# RCI/Disney occupancy



## Dukevrj (Dec 14, 2009)

I am looking at making an exchange at AKV for 10/10.  I do see availability.  My question is if I see a 1BR, can I book it for 2 adults and 3 kids. Or would I need a 2 Bedroom? (Really dont have the points)  I know they need the correct # of guests for Magic Express, and DDP.  Unsure what to do. Thanks for any info.  

Ray


----------



## rickandcindy23 (Dec 14, 2009)

Dukevrj said:


> I am looking at making an exchange at AKV for 10/10.  I do see availability.  My question is if I see a 1BR, can I book it for 2 adults and 3 kids. Or would I need a 2 Bedroom? (Really dont have the points)  I know they need the correct # of guests for Magic Express, and DDP.  Unsure what to do. Thanks for any info.
> 
> Ray



If one child is under 2, you are fine, but otherwise, Disney won't let you have five in the room.


----------



## delilahmarie (Dec 14, 2009)

The one bedrooms at AKV sleep up to 5 because they have a sleeper chair in the living room (except the value accommodations at Kidani Village). The Kidiani Village one bedroom also come with two bathrooms.

Delilah


----------



## ciscogizmo1 (Dec 14, 2009)

Yes... at AKV and BLT the 1 bedrooms sleep 5 with the chair sleeper.  At OKV, BCV, BWV, SSR & VWL the one bedroom only sleeps 4.  So, if I were you I'd grab it!


----------



## ciscogizmo1 (Dec 14, 2009)

rickandcindy23 said:


> If one child is under 2, you are fine, but otherwise, Disney won't let you have five in the room.
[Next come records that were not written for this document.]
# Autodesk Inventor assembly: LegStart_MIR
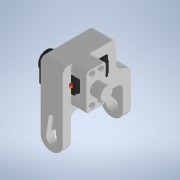
[picture p0: Inventor's stored thumbnail of the model, 180x180]
Saved by Autodesk Inventor 2020.3 (Build 243373000, 373)
## iProperties
Created: 2022-03-31
Part Number: LegStart_MIR
Document SubType Name: Assembly
Designer: sanyi
Author: sanyi
## Documents named in this file (4)
- C:\Users\sanyi\Documents\Inventor\Quadropod\Quadropod MDL\SimulationModell_Assembly\LegStart_MIR.iam
- C:\Users\sanyi\Documents\Inventor\Quadropod\LegPin_v1.ipt
- C:\Users\sanyi\Documents\Inventor\Quadropod\LegStart_v1_MIR1.ipt
- C:\Users\sanyi\Documents\Inventor\Quadropod\SH-0257MG.ipt
## Components (3 placed, 3 different names)
1. LegPin_v1:1 — Insert:1, Insert:2, Mate:4
2. LegStart_v1_MIR1:1 — Insert:1, Insert:2, Insert:3, Angle:1, Angle:2, Mate:5, Mate:6
3. SH-0257MG:1 — Insert:3, Angle:1
## Relationships (9: Insert 3, Mate 3, Angle 2, Flush 1)
- Insert:1: LegPin_v1:1 ↔ LegStart_v1_MIR1:1
- Insert:2: LegPin_v1:1 ↔ LegStart_v1_MIR1:1
- Insert:3: LegStart_v1_MIR1:1 ↔ SH-0257MG:1
- Angle:1 (0 deg): LegStart_v1_MIR1:1 ↔ SH-0257MG:1
- Mate:4: LegPin_v1:1
- Angle:2 (90 deg): LegStart_v1_MIR1:1
- Flush:1
- Mate:5: LegStart_v1_MIR1:1
- Mate:6: LegStart_v1_MIR1:1
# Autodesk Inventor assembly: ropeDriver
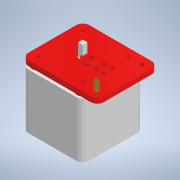
[picture p0: Inventor's stored thumbnail of the model, 180x180]
Saved by Autodesk Inventor 2020 (Build 240168000, 168)
## iProperties
Created: 2020-02-03
Part Number: ropeDriver
Document SubType Name: Assembly
Designer: Felix
Author: Felix
## Documents named in this file (5)
- C:\Users\Felix\Documents\Programmieren\ropeBot\testBotV1\ropeDriver.iam
- C:\Users\Felix\Documents\Programmieren\ropeBot\testBotV1\stepper.ipt
- C:\Users\Felix\Documents\Programmieren\ropeBot\testBotV1\housing.ipt
- C:\Users\Felix\Documents\Programmieren\ropeBot\testBotV1\brassPin.ipt
- C:\Users\Felix\Documents\Programmieren\ropeBot\testBotV1\pulley.ipt
## Components (4 placed, 4 different names)
1. stepper:1 — Flush:1
2. housing:1 — Flush:1, Mate:1, Flush:2, Flush:3
3. brassPin:1 — Mate:1, Flush:2
4. pulley:1 — Flush:3
## Relationships (4: Flush 3, Mate 1)
- Flush:1 (2 mm): stepper:1 ↔ housing:1
- Mate:1: housing:1 ↔ brassPin:1
- Flush:2: housing:1 ↔ brassPin:1
- Flush:3: housing:1 ↔ pulley:1

This is not true for AKV and BLT.


----------



## dms1709 (Dec 15, 2009)

I have a one bedroon in AKL and the RCI confirmation says it only sleeps 4.


----------



## bnoble (Dec 15, 2009)

The confirmations do only say 4/4.  But, if you have been assigned to any category in Kidani (and maybe some in Jambo), there is a sleeper chair in the living room for a fifth person.  I probably wouldn't do it unless I was in Kidani, because I'd also want the second bathroom.  But, if you call RCI with the unit on hold, they will tell you whether you have that second bath (and hence, whether you are in Kidani) or not.


----------